Because I had to turn to Obamacare after Jim died (I had a pre-existing condition), I am now stuck in the government healthcare trap. And for some reason, it’s very, very difficult to escape.
My healthcare has changed drastically for this coming year, and I have to either swallow it down and accept it, no matter how much I hate it (and I do), or I need to go through the many hoops to contact our beloved government and get cancelled through them so that I can go off on my own.
Anyone ever tried to call the government healthcare system in the month of December?
They’re going to screw me over and I’m going to have to end up accepting it.
No matter how much I hate it.
Again, if Jim were alive, this would bother me about as much as a mosquito trapped in my bedroom at night.
But when it’s just you …… and EVERYTHING is just you …… it gets to be overwhelming.
Most days I can see all of this for what it is …… just something to whine about, and yet still be grateful for all that I have.
But then there are the days that sneak up on me, and make me feel that this crap will never end. That life will never again be anything more than just dealing with shit …… all alone.

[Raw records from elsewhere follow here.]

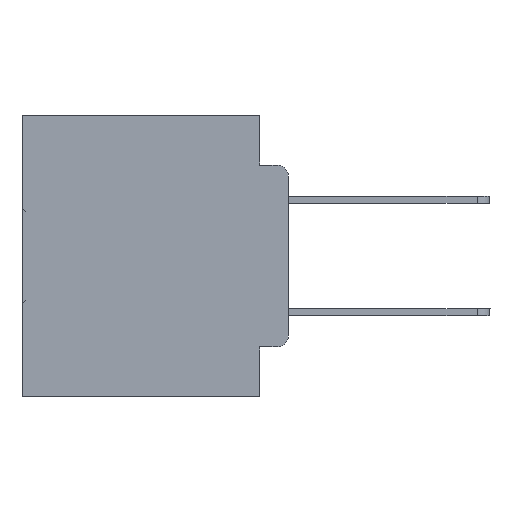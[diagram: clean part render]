
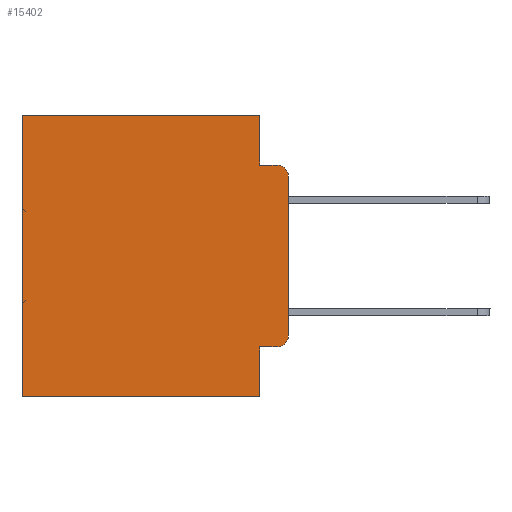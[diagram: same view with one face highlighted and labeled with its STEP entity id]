
A CAD part, left-side view. The second image highlights one B-rep face of the part: STEP entity #15402.
In plain terms, the highlighted planar face has unit normal (-1, 0, 0).
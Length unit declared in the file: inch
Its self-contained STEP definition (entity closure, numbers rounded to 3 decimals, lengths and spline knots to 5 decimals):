
#1827 = ORIENTED_EDGE ( 'NONE', *, *, #23706, .T. ) ;
#1935 = DIRECTION ( 'NONE',  ( 0., -1., 0. ) ) ;
#2060 = LINE ( 'NONE', #11316, #7805 ) ;
#2259 = ORIENTED_EDGE ( 'NONE', *, *, #30628, .T. ) ;
#3654 = CARTESIAN_POINT ( 'NONE',  ( 0.298, 0., 0. ) ) ;
#3952 = CARTESIAN_POINT ( 'NONE',  ( 0.298, 0., -0.1085 ) ) ;
#4031 = VERTEX_POINT ( 'NONE', #9395 ) ;
#4156 = LINE ( 'NONE', #5787, #5057 ) ;
#4208 = CARTESIAN_POINT ( 'NONE',  ( 0.298, 0.02, -0.1085 ) ) ;
#4929 = ORIENTED_EDGE ( 'NONE', *, *, #23539, .T. ) ;
#5057 = VECTOR ( 'NONE', #22629, 39.37008 ) ;
#5109 = CARTESIAN_POINT ( 'NONE',  ( 0.298, 0.473, 0. ) ) ;
#5787 = CARTESIAN_POINT ( 'NONE',  ( 0.298, 0.051, 0. ) ) ;
#6128 = VERTEX_POINT ( 'NONE', #17095 ) ;
#6302 = CARTESIAN_POINT ( 'NONE',  ( 0.298, 0.051, 0. ) ) ;
#6829 = EDGE_LOOP ( 'NONE', ( #10673, #2259, #26413, #18182, #12435, #4929, #29019, #28144, #16860, #1827 ) ) ;
#7069 = DIRECTION ( 'NONE',  ( 0., 0., -1. ) ) ;
#7805 = VECTOR ( 'NONE', #22510, 39.37008 ) ;
#8458 = PLANE ( 'NONE',  #14340 ) ;
#8585 = VERTEX_POINT ( 'NONE', #11007 ) ;
#8787 = CARTESIAN_POINT ( 'NONE',  ( 0.298, 0.02, -0.3915 ) ) ;
#9053 = VECTOR ( 'NONE', #1935, 39.37008 ) ;
#9113 = VECTOR ( 'NONE', #19692, 39.37008 ) ;
#9395 = CARTESIAN_POINT ( 'NONE',  ( 0.298, 0.051, -0.4115 ) ) ;
#9553 = CIRCLE ( 'NONE', #23126, 0.02 ) ;
#10581 = EDGE_CURVE ( 'NONE', #13332, #19047, #32368, .T. ) ;
#10673 = ORIENTED_EDGE ( 'NONE', *, *, #10581, .F. ) ;
#10822 = VERTEX_POINT ( 'NONE', #23824 ) ;
#11007 = CARTESIAN_POINT ( 'NONE',  ( 0.298, 0.473, 0. ) ) ;
#11291 = DIRECTION ( 'NONE',  ( 1., 0., 0. ) ) ;
#11316 = CARTESIAN_POINT ( 'NONE',  ( 0.298, 0.051, 0. ) ) ;
#11408 = CARTESIAN_POINT ( 'NONE',  ( 0.298, 0.02, -0.0885 ) ) ;
#11462 = VERTEX_POINT ( 'NONE', #21506 ) ;
#11645 = DIRECTION ( 'NONE',  ( 0., 0., -1. ) ) ;
#12435 = ORIENTED_EDGE ( 'NONE', *, *, #29889, .T. ) ;
#12875 = AXIS2_PLACEMENT_3D ( 'NONE', #8787, #28342, #11645 ) ;
#13332 = VERTEX_POINT ( 'NONE', #3952 ) ;
#13379 = CARTESIAN_POINT ( 'NONE',  ( 0.298, 0., -0.5 ) ) ;
#14340 = AXIS2_PLACEMENT_3D ( 'NONE', #33490, #11291, #30814 ) ;
#15266 = VECTOR ( 'NONE', #16242, 39.37008 ) ;
#15402 = ADVANCED_FACE ( 'NONE', ( #19930 ), #8458, .F. ) ;
#15899 = LINE ( 'NONE', #5109, #33284 ) ;
#16242 = DIRECTION ( 'NONE',  ( 0., 1., 0. ) ) ;
#16860 = ORIENTED_EDGE ( 'NONE', *, *, #19169, .T. ) ;
#17095 = CARTESIAN_POINT ( 'NONE',  ( 0.298, 0.473, -0.5 ) ) ;
#18182 = ORIENTED_EDGE ( 'NONE', *, *, #29520, .F. ) ;
#18491 = VECTOR ( 'NONE', #30978, 39.37008 ) ;
#19047 = VERTEX_POINT ( 'NONE', #29270 ) ;
#19169 = EDGE_CURVE ( 'NONE', #4031, #10822, #24836, .T. ) ;
#19312 = VECTOR ( 'NONE', #20562, 39.37008 ) ;
#19692 = DIRECTION ( 'NONE',  ( 0., -1., 0. ) ) ;
#19930 = FACE_OUTER_BOUND ( 'NONE', #6829, .T. ) ;
#19951 = CARTESIAN_POINT ( 'NONE',  ( 0.298, 0., 0. ) ) ;
#20562 = DIRECTION ( 'NONE',  ( 0., 1., 0. ) ) ;
#21506 = CARTESIAN_POINT ( 'NONE',  ( 0.298, 0.051, -0.5 ) ) ;
#21977 = DIRECTION ( 'NONE',  ( 0., 0., -1. ) ) ;
#22510 = DIRECTION ( 'NONE',  ( 0., 0., -1. ) ) ;
#22629 = DIRECTION ( 'NONE',  ( 0., 0., -1. ) ) ;
#23126 = AXIS2_PLACEMENT_3D ( 'NONE', #4208, #23889, #7069 ) ;
#23539 = EDGE_CURVE ( 'NONE', #8585, #6128, #15899, .T. ) ;
#23706 = EDGE_CURVE ( 'NONE', #10822, #19047, #31081, .T. ) ;
#23824 = CARTESIAN_POINT ( 'NONE',  ( 0.298, 0.02, -0.4115 ) ) ;
#23889 = DIRECTION ( 'NONE',  ( -1., 0., 0. ) ) ;
#24836 = LINE ( 'NONE', #35484, #9053 ) ;
#25143 = CARTESIAN_POINT ( 'NONE',  ( 0.298, 0.051, -0.0885 ) ) ;
#25273 = LINE ( 'NONE', #13379, #15266 ) ;
#26074 = EDGE_CURVE ( 'NONE', #11462, #6128, #25273, .T. ) ;
#26413 = ORIENTED_EDGE ( 'NONE', *, *, #29687, .F. ) ;
#28144 = ORIENTED_EDGE ( 'NONE', *, *, #31649, .F. ) ;
#28342 = DIRECTION ( 'NONE',  ( -1., 0., 0. ) ) ;
#29019 = ORIENTED_EDGE ( 'NONE', *, *, #26074, .F. ) ;
#29270 = CARTESIAN_POINT ( 'NONE',  ( 0.298, 0., -0.3915 ) ) ;
#29520 = EDGE_CURVE ( 'NONE', #33417, #35633, #2060, .T. ) ;
#29687 = EDGE_CURVE ( 'NONE', #35633, #30347, #33148, .T. ) ;
#29889 = EDGE_CURVE ( 'NONE', #33417, #8585, #34063, .T. ) ;
#30347 = VERTEX_POINT ( 'NONE', #11408 ) ;
#30628 = EDGE_CURVE ( 'NONE', #13332, #30347, #9553, .T. ) ;
#30814 = DIRECTION ( 'NONE',  ( 0., 0., -1. ) ) ;
#30978 = DIRECTION ( 'NONE',  ( 0., 0., -1. ) ) ;
#31081 = CIRCLE ( 'NONE', #12875, 0.02 ) ;
#31151 = CARTESIAN_POINT ( 'NONE',  ( 0.298, 0.051, -0.0885 ) ) ;
#31649 = EDGE_CURVE ( 'NONE', #4031, #11462, #4156, .T. ) ;
#32368 = LINE ( 'NONE', #19951, #18491 ) ;
#33148 = LINE ( 'NONE', #25143, #9113 ) ;
#33284 = VECTOR ( 'NONE', #21977, 39.37008 ) ;
#33417 = VERTEX_POINT ( 'NONE', #6302 ) ;
#33490 = CARTESIAN_POINT ( 'NONE',  ( 0.298, 0., 0. ) ) ;
#34063 = LINE ( 'NONE', #3654, #19312 ) ;
#35484 = CARTESIAN_POINT ( 'NONE',  ( 0.298, 0.051, -0.4115 ) ) ;
#35633 = VERTEX_POINT ( 'NONE', #31151 ) ;

I know that I’m supposed to be happy.
I know that I’m supposed to have joy.
I know that things could be so much worse.
Believe me …… I know.
But there’s nothing I can do to stop the feelings that come.
That roll over me and threaten to smother me.
I know they won’t.
I know that, in time, I’ll be ok.
But I’d be lying if I didn’t admit that there are days when I wish they could smother me.
Days when being smothered sounds easy and peaceful.
I haven’t had one of those days in a long time.
A really long time.
So maybe I’m due.
Or maybe I’m just whining.
It is what it is.
And it feels how it feels.
Today …… maybe just today …… hopefully just today …… the missing of him feels horrible.